Description of the task.
The answer must consist of every line below that contains the word "RotationStandardAxis".

Records to use.
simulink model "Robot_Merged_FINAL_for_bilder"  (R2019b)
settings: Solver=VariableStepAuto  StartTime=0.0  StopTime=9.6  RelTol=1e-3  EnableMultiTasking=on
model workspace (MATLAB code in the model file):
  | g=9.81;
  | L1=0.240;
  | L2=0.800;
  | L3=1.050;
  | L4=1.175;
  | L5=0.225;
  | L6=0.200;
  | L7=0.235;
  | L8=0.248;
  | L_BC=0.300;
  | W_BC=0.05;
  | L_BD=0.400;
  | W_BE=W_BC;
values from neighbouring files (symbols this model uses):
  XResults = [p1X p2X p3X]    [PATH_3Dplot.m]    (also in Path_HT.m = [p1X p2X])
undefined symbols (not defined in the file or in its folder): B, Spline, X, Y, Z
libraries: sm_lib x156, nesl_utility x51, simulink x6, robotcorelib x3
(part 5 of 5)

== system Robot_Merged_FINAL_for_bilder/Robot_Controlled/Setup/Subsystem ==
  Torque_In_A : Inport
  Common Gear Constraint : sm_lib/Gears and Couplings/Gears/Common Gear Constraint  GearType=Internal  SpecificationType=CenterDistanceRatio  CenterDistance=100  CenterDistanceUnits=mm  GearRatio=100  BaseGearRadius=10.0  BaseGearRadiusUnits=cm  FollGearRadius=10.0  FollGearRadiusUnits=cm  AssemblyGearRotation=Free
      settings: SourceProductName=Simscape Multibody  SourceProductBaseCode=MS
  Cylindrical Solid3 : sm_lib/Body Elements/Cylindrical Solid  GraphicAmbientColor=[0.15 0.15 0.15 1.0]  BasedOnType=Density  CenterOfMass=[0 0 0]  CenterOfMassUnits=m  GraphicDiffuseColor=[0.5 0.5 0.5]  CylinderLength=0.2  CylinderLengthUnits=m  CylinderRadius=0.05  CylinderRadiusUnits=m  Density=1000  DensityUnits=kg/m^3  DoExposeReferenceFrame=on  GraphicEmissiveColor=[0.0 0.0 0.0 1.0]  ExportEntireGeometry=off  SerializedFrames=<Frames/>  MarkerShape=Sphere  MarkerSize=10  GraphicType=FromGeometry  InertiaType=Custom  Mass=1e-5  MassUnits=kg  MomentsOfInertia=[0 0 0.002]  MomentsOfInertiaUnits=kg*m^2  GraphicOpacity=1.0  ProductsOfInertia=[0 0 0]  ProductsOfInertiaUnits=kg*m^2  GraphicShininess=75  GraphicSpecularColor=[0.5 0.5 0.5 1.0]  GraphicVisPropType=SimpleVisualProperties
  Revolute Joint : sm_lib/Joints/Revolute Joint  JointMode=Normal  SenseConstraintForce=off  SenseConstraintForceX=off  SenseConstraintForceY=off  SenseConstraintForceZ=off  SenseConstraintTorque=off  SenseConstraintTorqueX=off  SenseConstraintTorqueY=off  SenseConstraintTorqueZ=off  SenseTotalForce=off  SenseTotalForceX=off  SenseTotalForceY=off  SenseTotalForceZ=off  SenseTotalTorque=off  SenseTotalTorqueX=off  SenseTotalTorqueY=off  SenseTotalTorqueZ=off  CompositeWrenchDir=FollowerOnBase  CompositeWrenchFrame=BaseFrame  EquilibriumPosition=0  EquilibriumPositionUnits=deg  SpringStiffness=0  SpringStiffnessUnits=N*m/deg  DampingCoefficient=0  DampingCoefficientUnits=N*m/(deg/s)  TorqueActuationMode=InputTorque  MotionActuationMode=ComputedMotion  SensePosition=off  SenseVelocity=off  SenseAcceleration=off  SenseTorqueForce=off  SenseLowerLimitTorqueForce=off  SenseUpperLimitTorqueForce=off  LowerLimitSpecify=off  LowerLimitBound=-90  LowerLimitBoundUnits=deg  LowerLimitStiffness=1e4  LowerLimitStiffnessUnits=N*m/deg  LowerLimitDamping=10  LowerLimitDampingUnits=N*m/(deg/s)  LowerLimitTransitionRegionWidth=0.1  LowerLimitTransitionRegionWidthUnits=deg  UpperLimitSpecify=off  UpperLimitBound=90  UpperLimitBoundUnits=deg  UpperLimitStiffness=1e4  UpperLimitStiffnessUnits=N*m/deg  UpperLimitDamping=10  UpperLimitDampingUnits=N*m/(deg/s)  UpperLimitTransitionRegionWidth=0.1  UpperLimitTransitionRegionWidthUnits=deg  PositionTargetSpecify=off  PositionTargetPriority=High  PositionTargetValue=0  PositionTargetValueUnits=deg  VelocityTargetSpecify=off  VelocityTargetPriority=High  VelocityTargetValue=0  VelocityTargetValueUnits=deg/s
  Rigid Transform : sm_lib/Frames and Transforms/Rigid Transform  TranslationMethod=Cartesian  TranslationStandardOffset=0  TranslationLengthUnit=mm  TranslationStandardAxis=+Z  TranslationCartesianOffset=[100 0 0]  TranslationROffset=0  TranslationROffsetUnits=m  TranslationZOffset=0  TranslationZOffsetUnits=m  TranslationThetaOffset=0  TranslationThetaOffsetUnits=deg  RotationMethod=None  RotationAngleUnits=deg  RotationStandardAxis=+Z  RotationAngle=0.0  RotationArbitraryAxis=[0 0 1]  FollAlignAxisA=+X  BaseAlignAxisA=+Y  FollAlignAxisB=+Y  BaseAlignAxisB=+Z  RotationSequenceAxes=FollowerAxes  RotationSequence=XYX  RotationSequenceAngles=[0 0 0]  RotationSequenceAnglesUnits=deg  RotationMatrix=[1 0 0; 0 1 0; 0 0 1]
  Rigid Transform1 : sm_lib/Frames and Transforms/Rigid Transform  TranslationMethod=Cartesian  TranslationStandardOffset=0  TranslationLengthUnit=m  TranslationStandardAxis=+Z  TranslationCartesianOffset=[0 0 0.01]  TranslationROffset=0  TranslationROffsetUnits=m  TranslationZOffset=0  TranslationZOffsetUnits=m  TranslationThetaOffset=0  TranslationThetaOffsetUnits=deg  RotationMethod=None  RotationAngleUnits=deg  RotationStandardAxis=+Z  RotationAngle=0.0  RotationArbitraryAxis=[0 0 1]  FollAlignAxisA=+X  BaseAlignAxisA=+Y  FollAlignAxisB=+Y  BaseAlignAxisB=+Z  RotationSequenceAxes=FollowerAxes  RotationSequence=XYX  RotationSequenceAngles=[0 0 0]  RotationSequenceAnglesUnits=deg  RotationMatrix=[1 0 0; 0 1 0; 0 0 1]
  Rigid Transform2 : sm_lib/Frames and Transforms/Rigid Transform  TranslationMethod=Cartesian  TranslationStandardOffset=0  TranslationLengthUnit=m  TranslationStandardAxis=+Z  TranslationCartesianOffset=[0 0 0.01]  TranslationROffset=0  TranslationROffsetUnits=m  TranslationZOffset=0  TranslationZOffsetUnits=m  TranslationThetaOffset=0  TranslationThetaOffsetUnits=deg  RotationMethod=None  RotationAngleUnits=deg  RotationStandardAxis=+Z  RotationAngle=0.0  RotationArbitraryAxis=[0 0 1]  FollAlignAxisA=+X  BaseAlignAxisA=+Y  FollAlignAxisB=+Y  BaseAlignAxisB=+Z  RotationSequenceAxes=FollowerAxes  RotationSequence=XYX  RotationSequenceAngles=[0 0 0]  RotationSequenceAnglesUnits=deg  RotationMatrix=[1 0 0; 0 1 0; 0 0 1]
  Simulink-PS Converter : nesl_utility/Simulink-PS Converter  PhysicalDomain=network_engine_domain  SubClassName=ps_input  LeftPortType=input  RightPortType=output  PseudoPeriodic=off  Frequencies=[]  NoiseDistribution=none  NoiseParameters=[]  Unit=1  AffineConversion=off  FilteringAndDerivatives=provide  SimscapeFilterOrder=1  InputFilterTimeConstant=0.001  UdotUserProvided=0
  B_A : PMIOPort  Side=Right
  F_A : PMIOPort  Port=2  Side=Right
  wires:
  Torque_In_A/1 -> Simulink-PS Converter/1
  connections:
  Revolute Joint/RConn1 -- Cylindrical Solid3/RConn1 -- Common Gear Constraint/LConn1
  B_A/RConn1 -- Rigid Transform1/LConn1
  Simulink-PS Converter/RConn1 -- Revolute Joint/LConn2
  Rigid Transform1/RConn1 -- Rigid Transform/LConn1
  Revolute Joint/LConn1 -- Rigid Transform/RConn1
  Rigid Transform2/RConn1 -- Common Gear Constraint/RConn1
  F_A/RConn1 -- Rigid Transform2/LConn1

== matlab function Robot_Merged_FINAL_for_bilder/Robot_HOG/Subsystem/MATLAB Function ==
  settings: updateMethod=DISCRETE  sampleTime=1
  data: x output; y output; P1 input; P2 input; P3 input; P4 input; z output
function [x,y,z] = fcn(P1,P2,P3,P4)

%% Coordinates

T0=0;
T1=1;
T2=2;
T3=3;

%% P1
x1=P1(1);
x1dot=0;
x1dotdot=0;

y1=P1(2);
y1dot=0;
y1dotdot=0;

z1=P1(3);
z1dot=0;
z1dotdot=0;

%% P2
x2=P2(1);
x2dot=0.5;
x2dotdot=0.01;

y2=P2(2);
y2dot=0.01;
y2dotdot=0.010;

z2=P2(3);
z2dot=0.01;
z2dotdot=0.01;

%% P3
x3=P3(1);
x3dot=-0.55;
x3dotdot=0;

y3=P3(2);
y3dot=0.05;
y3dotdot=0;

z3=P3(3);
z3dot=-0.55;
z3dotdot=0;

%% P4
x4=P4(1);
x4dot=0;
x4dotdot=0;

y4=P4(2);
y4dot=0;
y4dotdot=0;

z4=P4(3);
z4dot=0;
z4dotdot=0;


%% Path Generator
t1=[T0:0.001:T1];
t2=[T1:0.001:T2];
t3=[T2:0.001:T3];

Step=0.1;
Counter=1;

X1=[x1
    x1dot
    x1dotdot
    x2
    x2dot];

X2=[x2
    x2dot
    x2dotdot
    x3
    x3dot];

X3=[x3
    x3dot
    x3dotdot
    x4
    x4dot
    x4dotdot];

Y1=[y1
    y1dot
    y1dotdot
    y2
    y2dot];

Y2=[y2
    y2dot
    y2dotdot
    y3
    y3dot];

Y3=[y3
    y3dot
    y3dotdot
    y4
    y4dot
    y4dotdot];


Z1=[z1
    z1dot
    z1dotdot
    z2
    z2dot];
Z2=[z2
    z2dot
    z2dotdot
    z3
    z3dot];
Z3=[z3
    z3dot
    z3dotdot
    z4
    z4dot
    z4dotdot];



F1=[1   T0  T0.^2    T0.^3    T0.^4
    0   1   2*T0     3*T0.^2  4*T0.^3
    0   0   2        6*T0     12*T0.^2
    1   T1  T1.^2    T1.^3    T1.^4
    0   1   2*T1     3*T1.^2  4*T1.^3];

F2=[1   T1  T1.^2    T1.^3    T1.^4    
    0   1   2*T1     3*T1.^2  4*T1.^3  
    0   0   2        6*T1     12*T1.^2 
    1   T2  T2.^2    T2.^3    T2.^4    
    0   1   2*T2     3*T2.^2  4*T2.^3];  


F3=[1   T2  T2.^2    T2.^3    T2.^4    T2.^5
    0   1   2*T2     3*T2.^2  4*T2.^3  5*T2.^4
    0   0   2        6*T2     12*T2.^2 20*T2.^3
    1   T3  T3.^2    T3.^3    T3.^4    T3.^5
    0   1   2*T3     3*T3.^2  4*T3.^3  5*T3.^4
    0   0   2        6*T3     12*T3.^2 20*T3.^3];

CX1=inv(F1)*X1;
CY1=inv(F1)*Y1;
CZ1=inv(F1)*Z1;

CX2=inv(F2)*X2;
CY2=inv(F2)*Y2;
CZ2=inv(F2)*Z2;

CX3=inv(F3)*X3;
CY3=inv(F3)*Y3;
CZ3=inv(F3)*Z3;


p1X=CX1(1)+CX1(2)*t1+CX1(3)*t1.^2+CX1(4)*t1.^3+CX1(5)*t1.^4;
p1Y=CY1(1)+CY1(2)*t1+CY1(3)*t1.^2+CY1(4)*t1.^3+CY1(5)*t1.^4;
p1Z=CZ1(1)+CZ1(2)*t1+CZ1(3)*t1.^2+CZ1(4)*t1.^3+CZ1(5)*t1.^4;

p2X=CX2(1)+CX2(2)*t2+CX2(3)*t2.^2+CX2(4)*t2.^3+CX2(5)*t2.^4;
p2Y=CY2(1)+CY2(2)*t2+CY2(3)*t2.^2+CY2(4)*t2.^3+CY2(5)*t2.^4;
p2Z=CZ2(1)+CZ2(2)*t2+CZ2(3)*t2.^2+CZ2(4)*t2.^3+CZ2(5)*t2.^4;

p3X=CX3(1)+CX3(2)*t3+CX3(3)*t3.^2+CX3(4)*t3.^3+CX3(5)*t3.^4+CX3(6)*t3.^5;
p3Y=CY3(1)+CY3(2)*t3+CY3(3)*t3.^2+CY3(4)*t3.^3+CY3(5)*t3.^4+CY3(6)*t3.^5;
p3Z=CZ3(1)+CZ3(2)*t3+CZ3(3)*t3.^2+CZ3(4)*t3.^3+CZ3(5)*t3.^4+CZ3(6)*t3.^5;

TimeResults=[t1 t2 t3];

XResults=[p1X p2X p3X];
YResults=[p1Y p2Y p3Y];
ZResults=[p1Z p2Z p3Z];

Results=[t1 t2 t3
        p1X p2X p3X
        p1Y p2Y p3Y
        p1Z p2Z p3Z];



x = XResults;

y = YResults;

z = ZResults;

Answer for the task.
  Rigid Transform : sm_lib/Frames and Transforms/Rigid Transform  TranslationMethod=Cartesian  TranslationStandardOffset=0  TranslationLengthUnit=mm  TranslationStandardAxis=+Z  TranslationCartesianOffset=[100 0 0]  TranslationROffset=0  TranslationROffsetUnits=m  TranslationZOffset=0  TranslationZOffsetUnits=m  TranslationThetaOffset=0  TranslationThetaOffsetUnits=deg  RotationMethod=None  RotationAngleUnits=deg  RotationStandardAxis=+Z  RotationAngle=0.0  RotationArbitraryAxis=[0 0 1]  FollAlignAxisA=+X  BaseAlignAxisA=+Y  FollAlignAxisB=+Y  BaseAlignAxisB=+Z  RotationSequenceAxes=FollowerAxes  RotationSequence=XYX  RotationSequenceAngles=[0 0 0]  RotationSequenceAnglesUnits=deg  RotationMatrix=[1 0 0; 0 1 0; 0 0 1]
  Rigid Transform1 : sm_lib/Frames and Transforms/Rigid Transform  TranslationMethod=Cartesian  TranslationStandardOffset=0  TranslationLengthUnit=m  TranslationStandardAxis=+Z  TranslationCartesianOffset=[0 0 0.01]  TranslationROffset=0  TranslationROffsetUnits=m  TranslationZOffset=0  TranslationZOffsetUnits=m  TranslationThetaOffset=0  TranslationThetaOffsetUnits=deg  RotationMethod=None  RotationAngleUnits=deg  RotationStandardAxis=+Z  RotationAngle=0.0  RotationArbitraryAxis=[0 0 1]  FollAlignAxisA=+X  BaseAlignAxisA=+Y  FollAlignAxisB=+Y  BaseAlignAxisB=+Z  RotationSequenceAxes=FollowerAxes  RotationSequence=XYX  RotationSequenceAngles=[0 0 0]  RotationSequenceAnglesUnits=deg  RotationMatrix=[1 0 0; 0 1 0; 0 0 1]
  Rigid Transform2 : sm_lib/Frames and Transforms/Rigid Transform  TranslationMethod=Cartesian  TranslationStandardOffset=0  TranslationLengthUnit=m  TranslationStandardAxis=+Z  TranslationCartesianOffset=[0 0 0.01]  TranslationROffset=0  TranslationROffsetUnits=m  TranslationZOffset=0  TranslationZOffsetUnits=m  TranslationThetaOffset=0  TranslationThetaOffsetUnits=deg  RotationMethod=None  RotationAngleUnits=deg  RotationStandardAxis=+Z  RotationAngle=0.0  RotationArbitraryAxis=[0 0 1]  FollAlignAxisA=+X  BaseAlignAxisA=+Y  FollAlignAxisB=+Y  BaseAlignAxisB=+Z  RotationSequenceAxes=FollowerAxes  RotationSequence=XYX  RotationSequenceAngles=[0 0 0]  RotationSequenceAnglesUnits=deg  RotationMatrix=[1 0 0; 0 1 0; 0 0 1]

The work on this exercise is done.